Like stem cells, the subject of
cloning is often subject to the media spotlight. One aspect of
cloning technology, called somatic cell nuclear transfer, may turn
out to play a very important role in the future therapeutic uses of
stem cells. A somatic cell is any cell of the body except for a cell
whose sole function is to give rise to the next generation, i.e., a
sperm cell or an egg cell. Somatic cell nuclear transfer involves
taking the nucleus (the central part of the cell, where virtually
all of the cell’s genetic information is located) from a body cell
and transplanting it into an egg cell that is from a different
person than the body cell and from which the nucleus has been
removed. The egg cell is then stimulated to divide and develop into
a blastocyst, from which pluripotent stem cells could be taken. When
the nucleus that was donated in the process comes from a patient’s
cell, the stem cells created by the process will be essentially
genetically identical to the patient’s own cells. Then any cells,
tissues, or organs that are grown from these pluripotent stem cells
should not elicit any type of rejection by the patient’s immune
system after they are transplanted into the patient. Thus, somatic
cell nuclear transfer may very well provide a way to generate stem
cells that are perfectly tailored to each individual patient.

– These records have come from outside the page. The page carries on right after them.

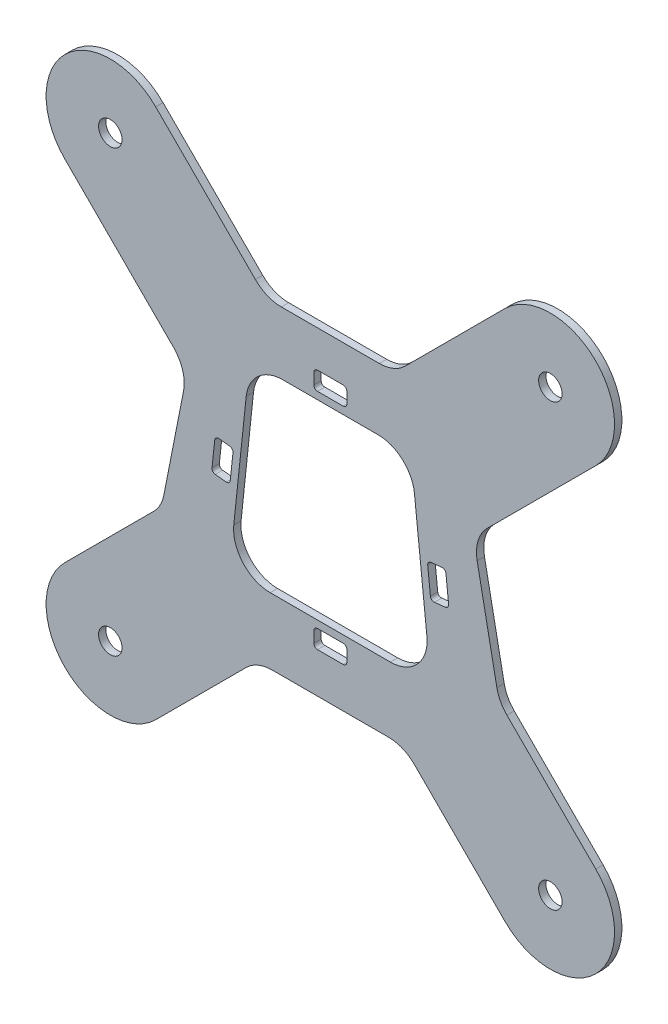
from build123d import *

# Parameters (mm, degrees)
AUFSATZ_LINEAR_AUSTRAGEN1_DEPTH      = 2
SKIZZE2_R                            = 3.2
SCHNITT_LINEAR_AUSTRAGEN1_DEPTH      = 2
SCHNITT_LINEAR_AUSTRAGEN3_DEPTH      = 2
VERRUNDUNG1_R                        = 10
VERRUNDUNG2_R                        = 10
SCHNITT_LINEAR_AUSTRAGEN4_DEPTH      = 112.222811939
SCHNITT_LINEAR_AUSTRAGEN4_DEPTH_BACK = 112.222811939


with BuildPart() as part:
    # Skizze1 → Aufsatz-Linear austragen1 (new body)
    with BuildSketch(Plane.XY):
        with BuildLine():
            Line((17.5, 44.5), (-17.5, 44.5))
            Line((-17.5, 44.5), (-47.625631329, 74.625631329))
            ThreePointArc((-47.625631329, 74.625631329), (-72.374368671, 74.625631329), (-72.374368671, 49.876893988))
            Line((-72.374368671, 49.876893988), (-39, 16.502525317))
            Line((-39, 16.502525317), (-46, -19))
            Line((-46, -19), (-72.374368671, -45.374368671))
            ThreePointArc((-72.374368671, -45.374368671), (-72.374368671, -70.123106012), (-47.625631329, -70.123106012))
            Line((-47.625631329, -70.123106012), (-20, -42.497474683))
            Line((-20, -42.497474683), (20, -42.497474683))
            Line((20, -42.497474683), (47.625631329, -70.123106012))
            ThreePointArc((47.625631329, -70.123106012), (72.374368671, -70.123106012), (72.374368671, -45.374368671))
            Line((72.374368671, -45.374368671), (46, -19))
            Line((46, -19), (39, 16.502525317))
            Line((39, 16.502525317), (72.374368671, 49.876893988))
            ThreePointArc((72.374368671, 49.876893988), (72.374368671, 74.625631329), (47.625631329, 74.625631329))
            Line((47.625631329, 74.625631329), (17.5, 44.5))
        make_face()
    extrude(amount=AUFSATZ_LINEAR_AUSTRAGEN1_DEPTH)

    # Skizze2 → Schnitt-Linear austragen1 (cut)
    with BuildSketch(Plane.XY.offset(2)):
        with Locations((-60, -57.748737342)):
            Circle(SKIZZE2_R)
        with Locations((-60, 62.251262658)):
            Circle(SKIZZE2_R)
        with Locations((60, -57.748737342)):
            Circle(SKIZZE2_R)
        with Locations((60, 62.251262658)):
            Circle(SKIZZE2_R)
    extrude(amount=-SCHNITT_LINEAR_AUSTRAGEN1_DEPTH, mode=Mode.SUBTRACT)

    # Skizze4 → Schnitt-Linear austragen3 (cut)
    with BuildSketch(Plane.XY.offset(2)):
        Polygon((-22, 27.5), (22, 27.5), (27.5, -24.5), (-27.5, -24.5), align=None)
    extrude(amount=-SCHNITT_LINEAR_AUSTRAGEN3_DEPTH, mode=Mode.SUBTRACT)

    # Verrundung1
    verrundung1_edges = [part.edges().sort_by_distance(p)[0] for p in [
        (-27.5, -24.5, 1),
        (-22, 27.5, 1),
        (22, 27.5, 1),
        (27.5, -24.5, 1),
    ]]
    fillet(verrundung1_edges, radius=VERRUNDUNG1_R)

    # Verrundung2
    verrundung2_edges = [part.edges().sort_by_distance(p)[0] for p in [
        (-17.5, 44.5, 1),
        (17.5, 44.5, 1),
        (39, 16.502525317, 1),
        (46, -19, 1),
        (20, -42.497474683, 1),
        (-20, -42.497474683, 1),
        (-46, -19, 1),
        (-39, 16.502525317, 1),
    ]]
    fillet(verrundung2_edges, radius=VERRUNDUNG2_R)

    # Skizze5 → Schnitt-Linear austragen4 (cut, two sides: drawn at the far end of the back side and taken through both)
    with BuildSketch(Plane.XY.offset(2).offset(-SCHNITT_LINEAR_AUSTRAGEN4_DEPTH_BACK)):
        with BuildLine():
            Line((-3.5, 34.5), (3.5, 34.5))
            ThreePointArc((3.5, 34.5), (4.207106781, 34.207106781), (4.5, 33.5))
            Line((4.5, 33.5), (4.5, 30.5))
            ThreePointArc((4.5, 30.5), (4.207106781, 29.792893219), (3.5, 29.5))
            Line((3.5, 29.5), (-3.5, 29.5))
            ThreePointArc((-3.5, 29.5), (-4.207106781, 29.792893219), (-4.5, 30.5))
            Line((-4.5, 30.5), (-4.5, 33.5))
            ThreePointArc((-4.5, 33.5), (-4.207106781, 34.207106781), (-3.5, 34.5))
        make_face()
        with BuildLine():
            Line((-30.424300248, 4.895768288), (-27.440941448, 4.580220723))
            ThreePointArc((-27.440941448, 4.580220723), (-26.768564282, 4.214576928), (-26.551671036, 3.480585268))
            Line((-26.551671036, 3.480585268), (-27.287948689, -3.480585268))
            ThreePointArc((-27.287948689, -3.480585268), (-27.653592484, -4.152962433), (-28.387584144, -4.369855679))
            Line((-28.387584144, -4.369855679), (-31.370942945, -4.054308114))
            ThreePointArc((-31.370942945, -4.054308114), (-32.04332011, -3.688664319), (-32.260213356, -2.954672658))
            Line((-32.260213356, -2.954672658), (-31.523935704, 4.006497877))
            ThreePointArc((-31.523935704, 4.006497877), (-31.158291909, 4.678875042), (-30.424300248, 4.895768288))
        make_face()
        with BuildLine():
            Line((26.551671036, 3.480585268), (27.287948689, -3.480585268))
            ThreePointArc((27.287948689, -3.480585268), (27.653592484, -4.152962433), (28.387584144, -4.369855679))
            Line((28.387584144, -4.369855679), (31.370942945, -4.054308114))
            ThreePointArc((31.370942945, -4.054308114), (32.04332011, -3.688664319), (32.260213356, -2.954672658))
            Line((32.260213356, -2.954672658), (31.523935704, 4.006497877))
            ThreePointArc((31.523935704, 4.006497877), (31.158291909, 4.678875042), (30.424300248, 4.895768288))
            Line((30.424300248, 4.895768288), (27.440941448, 4.580220723))
            ThreePointArc((27.440941448, 4.580220723), (26.768564282, 4.214576928), (26.551671036, 3.480585268))
        make_face()
        with BuildLine():
            Line((4.5, -30.5), (4.5, -27.5))
            ThreePointArc((4.5, -27.5), (4.207106781, -26.792893219), (3.5, -26.5))
            Line((3.5, -26.5), (-3.5, -26.5))
            ThreePointArc((-3.5, -26.5), (-4.207106781, -26.792893219), (-4.5, -27.5))
            Line((-4.5, -27.5), (-4.5, -30.5))
            ThreePointArc((-4.5, -30.5), (-4.207106781, -31.207106781), (-3.5, -31.5))
            Line((-3.5, -31.5), (3.5, -31.5))
            ThreePointArc((3.5, -31.5), (4.207106781, -31.207106781), (4.5, -30.5))
        make_face()
    extrude(amount=SCHNITT_LINEAR_AUSTRAGEN4_DEPTH + SCHNITT_LINEAR_AUSTRAGEN4_DEPTH_BACK, mode=Mode.SUBTRACT)


solid = part.part

There are currently three publicly
traded companies in the United States that are actively engaged in
stem cell research: Geron Corporation (NasdaqNM: GERN), Stem Cells,
Inc. (NasdaqNM: STEM), and Aastrom Biosciences, Inc. (NasdaqNM:
ASTM). While there will undoubtedly be other participants emerging
over the next few years, one or more of these three companies, which
already have experience in the field and which, through patent
protection, have amassed intellectual property portfolios consisting
of various aspects of stem cell technology, may very well turn out
to be among the successful leaders as the stem cell field reaches
the commercialization stage. While it is impossible to know with
certainty which companies involved in an emerging technology will
ultimately be successful, an investment in a portfolio consisting of
shares of Geron Corporation, Stem Cells, Inc., and Aastrom
Biosciences Inc., could turn out to be a very profitable investment,
indeed. And no matter which companies eventually wind up making the
most money, one thing of which we can be certain is that with the
incredible advances that stem cell research will bring to the field
of medicine, we all benefit greatly from this amazing technology.